La différence qui existait, avant le développement du cinéma, entre les types de récits qu’ont privilégiés les principaux auteurs européens et américains se retrouve dans les définitions distinctes qu’ils ont données du Western par la suite. Les Européens ont longtemps fait du roman de l’Ouest un type particulier de récit d’aventures : il obéissait aux mêmes exigences d’exotisme, il mettait l’accent sur les mêmes structures narratives (forme du roman d’action et contraintes du voyage) et développait des motifs similaires (altérité du héros, plongée dans la sauvagerie, rencontre avec l’autre), enfin, il se construisait sur un pacte de lecture analogue (vraisemblable fondé sur l’irréalisme et le dépaysement, recherche de l’extraordinaire). Or, aujourd’hui encore en Europe, si l’on reconnaît, en grande partie grâce à l’impact du cinéma, l’importance de ces œuvres dans la mise en place du mythe américain de la frontier, on continue de lier ce type de fiction à une action violente (et donc au modèle du roman d'aventures), là où les Américains ont tendance à penser le récit non pas en terme d’action, mais comme l’expression de l’esprit de la frontier (où se mêlent les motifs des grands espaces, de la nature à conquérir, de l’avancée de la civilisation, de la simplicité et la rudesse des mœurs, etc.), sans nécessairement rattacher le genre à une intrigue violente. Pour les auteurs et les publics européens, la question du dépaysement est essentielle. Il s’agit de permettre au lecteur de participer, de manière fantasmatique, à la grande libération des pulsions dans l’univers sans lois qu’on l’invite à découvrir. L’irréalisme n’est pas signe de faiblesse, au contraire, il substitue une cohérence purement romanesque, selon un pacte assez élémentaire qui suppose que le cadre dépaysant rend possible les situations dépaysantes. Le dépaysement, parce qu’il ne correspond à rien de connu pour le lecteur, fonctionne comme un gage qui rend vraisemblables les mésaventures les plus extraordinaires.

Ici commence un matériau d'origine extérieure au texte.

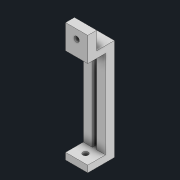
# Autodesk Inventor part: PistaSistBloq
Saved by Autodesk Inventor 2021 (Build 250183000, 183)
## iProperties
Created: 2021-05-06
Part Number: PistaSistBloq
Material: Generic
Document SubType Name: Modeling
Designer: GABRIEL LOL
Density: 1 g/cm^3
Appearance: Default
Author: GABRIEL LOL
Autodesk Inventor part; units mm, degrees
ref_plane "YZ Plane" through (0, 0, 0) normal (1, 0, 0) x (0, 1, 0)
ref_plane "XZ Plane" through (0, 0, 0) normal (0, 1, 0) x (-1, 0, 0)
ref_plane "XY Plane" through (0, 0, 0) normal (0, 0, 1) x (1, 0, 0)
sketch "Sketch1" plane through (0, 0, 0) normal (0, 0, 1) x (1, 0, 0)
  line L0 (0, 0) -> (12.5, 0)
  line L1 (12.5, 0) -> (12.5, 5)
  line L2 (12.5, 5) -> (0, 5)
  line L3 (0, 5) -> (0, 0)
  line L4 (0, 0) -> (5, 0) construction
  line L5 (12.5, 0) -> (7.5, 0) construction
  line L6 (0, 0) -> (5, 0) construction
  line L7 (5, 0) -> (5, -49.5) construction
  line L8 (5, -49.5) -> (0, -49.5) construction
  line L9 (0, -49.5) -> (0, 0) construction
  line L10 (0, 0) -> (5, 0)
  line L11 (5, 0) -> (5, -49.5)
  line L12 (5, -49.5) -> (0, -49.5)
  line L13 (0, -49.5) -> (0, 0)
  line L14 (7.5, 0) -> (12.5, 0)
  line L15 (12.5, 0) -> (12.5, -49.5)
  line L16 (12.5, -49.5) -> (7.5, -49.5)
  line L17 (7.5, -49.5) -> (7.5, 0)
  dimension "d0" = 12.5
  dimension "d1" = 5
  dimension "d2" = 5
  dimension "d3" = 5
  dimension "d4" = 49.5
  constraints: 36 end point, 8 parallel, 4 horizontal, 4 perpendicular, 3 point on line
  measures "d0" distance of L2.end L1.end
  measures "d1" distance of L1.end L0.end
  measures "d2" distance of L0.start L4.end
  measures "d3" distance of L0.end L5.end
  measures "d4" distance of L6.end L7.end
extrude "Extrusion1" add sketch "Sketch1" along normal blind 5 contours L0 L11 L12 L13 | L0 L15 L16 L17
sketch "Sketch2" plane through (0, 0, 0) normal (0, 0, -1) x (-1, 0, 0)
  line L0 (-12.5, -49.5) -> (-12.5, 0) projected
  line L1 (-7.5, -49.5) -> (-12.5, -49.5) projected
  line L2 (-7.5, 0) -> (-7.5, -49.5) projected
  line L3 (-12.5, 0) -> (-7.5, 0) projected
  line L4 (0, -49.5) -> (-5, -49.5) projected
  line L5 (0, 0) -> (0, -49.5) projected
  line L6 (-5, 0) -> (0, 0) projected
  line L7 (-5, -49.5) -> (-5, 0) projected
  line L8 (-12.5, 0) -> (0, 0)
  line L9 (0, 0) -> (0, 3.75)
  line L10 (0, 3.75) -> (-12.5, 3.75)
  line L11 (-12.5, 3.75) -> (-12.5, 0)
  line L12 (0, -49.5) -> (-5, -49.5) projected
  line L13 (0, -49.5) -> (-12.5, -49.5)
  line L14 (-12.5, -49.5) -> (-12.5, -53.25)
  line L15 (-12.5, -53.25) -> (0, -53.25)
  line L16 (0, -53.25) -> (0, -49.5)
  point P0 (-5, -49.5)
  point P1 (-7.5, -49.5)
  dimension "d7" = 3.75
  dimension "d10" = 3.75
  constraints: 16 end point, 4 parallel, 2 horizontal, 2 perpendicular
  measures "d7" distance of L9.end L8.end
  measures "d10" distance of L14.end L13.end
extrude "Extrusion2" add sketch "Sketch2" against normal blind 15 contours L1 L13 L4 L16 L15 L14 | L11 L10 L9 L6 L8 L3
sketch "Sketch4" plane through (0, -53.25, 0) normal (0, -1, 0) x (1, 0, 0)
  line L0 (7.5, 5) -> (12.5, 5) projected
  line L1 (0, 5) -> (5, 5) projected
  line L2 (12.5, 5) -> (12.5, 15) construction
  line L3 (12.5, 0) -> (0, 0) construction
  line L4 (12.5, 15) -> (0, 15) construction
  line L5 (0, 15) -> (0, 0) construction
  line L6 (0, 0) -> (12.5, 0) construction
  line L7 (12.5, 0) -> (12.5, 15) construction
  line L8 (12.5, 15) -> (0, 15) construction
  line L9 (0, 5) -> (12.5, 5) construction
  line L10 (12.5, 5) -> (12.5, 15) construction
  line L11 (12.5, 15) -> (0, 15) construction
  line L12 (0, 15) -> (0, 5) construction
  circle A0 centre (6.25, 10) radius 1.5
  dimension "d12" = 3
  constraints: 16 end point, 4 parallel, 2 horizontal, 2 perpendicular, 1 centre point
  measures "d12" diameter of A0
extrude "Extrusion3" cut sketch "Sketch4" against normal blind 10
sketch "Sketch5" plane through (0, 3.75, 0) normal (0, 1, 0) x (1, 0, 0)
  line L0 (5, -5) -> (0, -5) projected
  line L1 (12.5, -5) -> (7.5, -5) projected
  line L2 (0, 0) -> (12.5, 0) projected
  line L3 (0, 0) -> (0, -15) projected
  line L4 (12.5, -15) -> (0, -15) projected
  line L5 (12.5, 0) -> (12.5, -15) projected
  line L6 (0, 0) -> (0, -15) construction
  line L7 (7.5, -5) -> (12.5, -5) construction
  line L8 (0, 0) -> (12.5, 0) construction
  line L9 (12.5, 0) -> (12.5, -5) construction
  line L10 (12.5, -5) -> (0, -5) construction
  line L11 (0, -5) -> (0, 0) construction
  line L12 (12.5, 0) -> (12.5, -15) projected
  line L13 (12.5, -15) -> (0, -15)
  line L14 (0, -15) -> (0, -10)
  line L15 (0, -10) -> (12.5, -10)
  line L16 (12.5, -10) -> (12.5, -15)
  point P0 (0, -10)
  dimension "d15" = 12.5
  dimension "d16" = 15
  dimension "d17" = 5
  dimension "d18" = 5
  constraints: 16 end point, 4 parallel, 2 horizontal, 2 perpendicular, 1 point on line
  measures "d15" distance of L2.start L2.end
  measures "d16" distance of L2.end L4.start
  measures "d17" distance between parallel lines of L2 L1
  measures "d18" distance of L13.end L14.end
extrude "Extrusion4" add sketch "Sketch5" along normal blind 10 contours L15 L5 L4 L3
sketch "Sketch6" plane through (0, 0, 15) normal (0, 0, 1) x (1, 0, 0)
  line L0 (0, 3.75) -> (12.5, 3.75) projected
  line L1 (0, 13.75) -> (12.5, 13.75) projected
  line L2 (0, 0) -> (0, 13.75) construction
  line L3 (0, 3.75) -> (12.5, 3.75) construction
  line L4 (0, 13.75) -> (12.5, 13.75) construction
  line L5 (12.5, 13.75) -> (12.5, 3.75) construction
  line L6 (12.5, 3.75) -> (0, 3.75) construction
  line L7 (0, 3.75) -> (0, 13.75) construction
  circle A0 centre (6.25, 8.75) radius 1.5
  dimension "d21" = 3
  constraints: 8 end point, 2 parallel, 1 centre point, 1 horizontal, 1 perpendicular
  measures "d21" diameter of A0
extrude "Extrusion5" cut sketch "Sketch6" against normal blind 10
body "Solid1"

Sous une même appellation, on se trouve face à deux conceptions différentes d’un genre, qui ne se recouvrent que très partiellement, et pas nécessairement sur les points essentiels. Toutes deux sont aussi légitimes : en un sens, ce que les Européens appellent le Western possède une histoire aussi ancienne que le Western américain ; l’origine est dans les deux cas à rechercher chez Fenimore Cooper et dans ce que les auteurs qui s’en sont inspirés y ont trouvé. Mais la conception d’un genre, comme toute construction de langage, dépend moins d’une propriété intrinsèque des œuvres que de l’intégration de ces œuvres dans l’ensemble classificatoire qui les précède et dans lequel elles s’intègrent. Les divergences dans les définitions viennent de ce que le système taxinomique n’était pas exactement le même ; pour le dire autrement, le désaccord partiel s’explique par l’histoire littéraire et culturelle différente des deux continents, et par l’échafaudage générique particulier qui s’en est suivi. C’est cet écart relatif qui a conduit les Européens à produire des œuvres sensiblement différentes de celles que proposaient leurs confrères outre-Atlantique. Certes, il a existé une multitude de Westerns d’aventures et d’action américains dès les premières œuvres, mais ceux-ci sont laissés un peu de côté par les études génériques américaines, qui privilégient les auteurs qui ont tenté de rendre compte de leur pays. En Europe en revanche, le Western ne pouvait exister qu’en prenant la forme d’un roman d'aventures géographiques et parfois historiques, et c’est selon les modalités d’une telle lecture générique que l’on peut le mieux appréhender ces œuvres.